These functions were superseded because we realised it was more convenient to have two mutually exclusive arguments to one function, rather than two separate functions. This also made it to clean up a few other smaller design issues with sample_n()/sample_frac:

  • The connection to slice() was not obvious.

  • The name of the first argument, tbl, is inconsistent with other single table verbs which use .data.

  • The size argument uses tidy evaluation, which is surprising and undocumented.

  • It was easier to remove the deprecated .env argument.

  • ... was in a suboptimal position.

Usage

## S3 method for class 'SummarizedExperiment'
sample_n(tbl, size, replace = FALSE, weight = NULL, .env = NULL, ...)

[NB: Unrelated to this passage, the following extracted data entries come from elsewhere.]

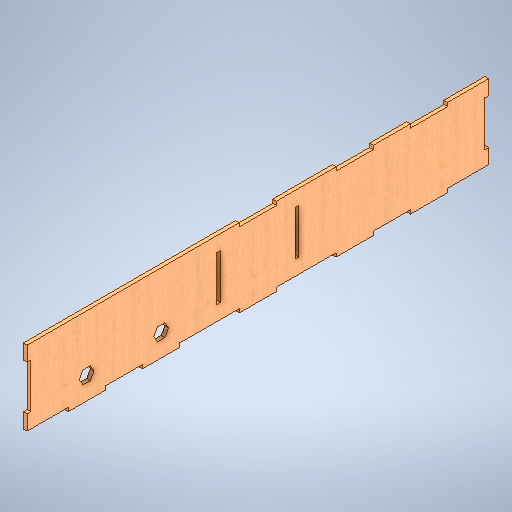
# Autodesk Inventor part: Lat3
Saved by Autodesk Inventor 2025 (Build 290162000, 162)
## iProperties
Created: 2024-11-02
Part Number: Lat3
Material: Wood (Cherry)
Document SubType Name: Sheet Metal
Designer: g.marin
Density: 0.63 g/cm^3
Sheet Metal Rule: Default
Appearance: Cherry - Natural Low Gloss
Author: g.marin
Autodesk Inventor part; units mm, degrees
ref_plane "YZ Plane" through (0, 0, 0) normal (1, 0, 0) x (0, 1, 0)
ref_plane "XZ Plane" through (0, 0, 0) normal (0, 1, 0) x (-1, 0, 0)
ref_plane "XY Plane" through (0, 0, 0) normal (0, 0, 1) x (1, 0, 0)
sketch "Sketch1" plane through (0, 0, 0) normal (1, 0, 0) x (0, 1, 0)
  line L0 (-50, 50) -> (50, 50)
  line L1 (50, 50) -> (50, -50)
  line L2 (50, -50) -> (-50, -50)
  line L3 (-50, -50) -> (-50, 50)
  line L4 (-50, 50) -> (50, -50) construction
  line L5 (50, 50) -> (-50, -50) construction
  line L6 (50, 50) -> (-50, 50)
  line L7 (-50, 50) -> (-50, 310)
  line L8 (-50, 310) -> (50, 310)
  line L9 (50, 310) -> (50, 50)
  line L10 (50, -50) -> (-50, -50)
  line L11 (-50, -50) -> (-50, -310)
  line L12 (-50, -310) -> (50, -310)
  line L13 (50, -310) -> (50, -50)
  line L14 (-50, 255) -> (-55, 255)
  line L15 (-55, 255) -> (-55, 205)
  line L16 (-55, 205) -> (-50, 205)
  line L17 (-50, 205) -> (-50, 255)
  line L18 (-50, 155) -> (-55, 155)
  line L19 (-55, 155) -> (-55, 105)
  line L20 (-55, 105) -> (-50, 105)
  line L21 (-50, 105) -> (-50, 155)
  line L22 (-50, 25) -> (-55, 25)
  line L23 (-55, 25) -> (-55, -25)
  line L24 (-55, -25) -> (-50, -25)
  line L25 (-50, -25) -> (-50, 25)
  line L26 (-50, -105) -> (-55, -105)
  line L27 (-55, -105) -> (-55, -155)
  line L28 (-55, -155) -> (-50, -155)
  line L29 (-50, -155) -> (-50, -105)
  line L30 (-50, -205) -> (-55, -205)
  line L31 (-55, -205) -> (-55, -255)
  line L32 (-55, -255) -> (-50, -255)
  line L33 (-50, -255) -> (-50, -205)
  line L34 (50, 310) -> (30, 310)
  line L35 (50, 305) -> (50, 310)
  line L36 (-50, 310) -> (-30, 310)
  line L37 (-50, 305) -> (-50, 310)
  line L38 (30, 50) -> (-30, 50)
  line L39 (-30, 50) -> (-30, 55)
  line L40 (-30, 55) -> (30, 55)
  line L41 (30, 55) -> (30, 50)
  line L42 (30, -50) -> (-21.1124, -50)
  line L43 (50, 0) -> (-50, 0) construction
  line L44 (-30, -50) -> (-30, -55)
  line L45 (-30, -55) -> (30, -55)
  line L46 (30, -55) -> (30, -50)
  line L47 (30, 310) -> (-30, 310)
  line L48 (-30, 310) -> (-30, 305)
  line L49 (-30, 305) -> (30, 305)
  line L50 (30, 305) -> (30, 310)
  line L51 (-30, -310) -> (-30, -305)
  line L52 (-30, -305) -> (30, -305)
  line L53 (30, -305) -> (30, -310)
  line L54 (50, 25) -> (45, 25)
  line L55 (45, 25) -> (45, -25)
  line L56 (45, -25) -> (50, -25)
  line L57 (50, -25) -> (50, 25)
  line L58 (50, -105) -> (45, -105)
  line L59 (45, -105) -> (45, -155)
  line L60 (45, -155) -> (50, -155)
  line L61 (50, -155) -> (50, -105)
  line L62 (50, -205) -> (45, -205)
  line L63 (45, -205) -> (45, -255)
  line L64 (45, -255) -> (50, -255)
  line L65 (50, -255) -> (50, -205)
  line L66 (-33.6603, 235) -> (-25, 240)
  line L67 (-25, 240) -> (-16.3397, 235)
  line L68 (-16.3397, 235) -> (-16.3397, 225)
  line L69 (-16.3397, 225) -> (-25, 220)
  line L70 (-25, 220) -> (-33.6603, 225)
  line L71 (-33.6603, 225) -> (-33.6603, 235)
  line L72 (-33.6603, 135) -> (-25, 140)
  line L73 (-25, 140) -> (-16.3397, 135)
  line L74 (-16.3397, 135) -> (-16.3397, 125)
  line L75 (-16.3397, 125) -> (-25, 120)
  line L76 (-25, 120) -> (-33.6603, 125)
  line L77 (-33.6603, 125) -> (-33.6603, 135)
  point P0 (0, 0)
  point P1 (-52.5, 155)
  point P2 (-52.5, 205)
  point P3 (-50, 205)
  point P4 (-50, 105)
  point P5 (-50, -155)
  point P6 (-50, -255)
  point P7 (30, -50)
  point P8 (-30, -50)
  point P9 (30, 50)
  point P10 (30, 307.5)
  point P11 (-30, -310)
  point P12 (30, 310)
  point P13 (-30, 310)
  point P14 (50, -25)
  point P15 (50, -255)
  point P16 (50, -155)
  point P17 (-25, 230)
  point P18 (-25, 130)
  dimension "d0" = 100
  dimension "d1" = 260
  dimension "d2" = 100
  dimension "d3" = 260
  dimension "d4" = 50
  dimension "d5" = 50
  dimension "d6" = 50
  dimension "d7" = 50
  dimension "d8" = 50
  dimension "d9" = 55
  dimension "d10" = 50
  dimension "d11" = 25
  dimension "d12" = 55
  dimension "d13" = 50
  dimension "d14" = 5
  dimension "d20" = 5
  dimension "d21" = 5
  dimension "d23" = 20
  dimension "d24" = 50
  dimension "d25" = 5
  dimension "d26" = 20
  dimension "d27" = 10
  dimension "d28" = 25
  dimension "d29" = 16.3397
  dimension "d30" = 25
  dimension "d31" = 10
  dimension "d32" = 25
  dimension "d33" = 16.3397
  dimension "d34" = 25
  constraints: 156 end point, 26 parallel, 17 point on line, 16 horizontal, 13 perpendicular, 9 collinear, 7 midpoint, 7 symmetric about line, 26 other
  measures "d0" distance of L11.end L12.end
  measures "d1" distance of L12.end L1.end
  measures "d2" distance of L0.end L1.end
  measures "d3" distance of L8.end L0.end
  measures "d4" distance of L14.end L15.end
  measures "d5" distance of L18.end L19.end
  measures "d6" distance of L22.end L23.end
  measures "d7" distance of L26.end L27.end
  measures "d8" distance of L30.end L31.end
  measures "d9" vertical distance of L14.end L7.end
  measures "d10" distance of point (-52.5, 155) point (-52.5, 205)
  measures "d11" vertical distance of L22.end L0.start
  measures "d12" vertical distance of L26.end L2.end
  measures "d13" distance of L30.end L27.end
  measures "d14" distance of L14.start L14.end
  measures "d20" distance between parallel lines of L0 L40
  measures "d21" distance of L49.end L34.end
  measures "d23" distance from line of point (30, 307.5) L9
  measures "d24" distance of L54.end L55.end
  measures "d25" distance between parallel lines of L55 L57
  measures "d26" distance between parallel lines of L7 L48
  measures "d27" distance of L67.end L68.end
  measures "d28" distance from line of L7 point (-25, 230)
  measures "d29" distance from line of L17 L70.end
  measures "d30" distance from line of L14 point (-25, 230)
  measures "d31" distance of L73.end L74.end
  measures "d32" distance from line of L7 point (-25, 130)
  measures "d33" distance from line of L21 L77.start
  measures "d34" distance from line of L18 point (-25, 130)
extrude "Extrusion1" add sketch "Sketch1" along normal blind 5 contours L7 L8 L48 L49 L50 L9 L0 L41 L40 L39 | L0 L1 L54 L55 L56 L2 L3 | L3 L24 L23 L22 | L20 L19 L18 L7 | L2 L44 L45 L46 L13 L58 L59 L60 L62 L63 L64 L12 L53 L52 L51 L11 | L16 L15 L14 L7 | L11 L28 L27 L26 | L11 L32 L31 L30
equation "\"BendRadius\" = Thickness"
equation "\"BendReliefWidth\" = Thickness"
equation "\"BendReliefDepth\" = 0.5 * Thickness"
equation "\"CornerReliefSize\" = 4 * Thickness"
equation "\"MinimumRemnant\" = 2 * Thickness"
equation "\"TransitionRadius\" = BendRadius"
equation "\"JacobiRadiusSize\" = BendRadius"
equation "\"GapSize\" = Thickness"
equation "\"Thickness\" = 3.048"
body "Solid1"

## S3 method for class 'SummarizedExperiment'
sample_frac(tbl, size = 1, replace = FALSE, weight = NULL, .env = NULL, ...)

Arguments

tbl

A data.frame.

size

<tidy-select> For sample_n(), the number of rows to select. For sample_frac(), the fraction of rows to select. If tbl is grouped, size applies to each group.

replace

Sample with or without replacement?

weight

<tidy-select> Sampling weights. This must evaluate to a vector of non-negative numbers the same length as the input. Weights are automatically standardised to sum to 1.

.env

DEPRECATED.

...

ignored

Value

tidySummarizedExperiment

Examples

data(pasilla)
pasilla |> sample_n(50)
pasilla |> sample_frac(0.1)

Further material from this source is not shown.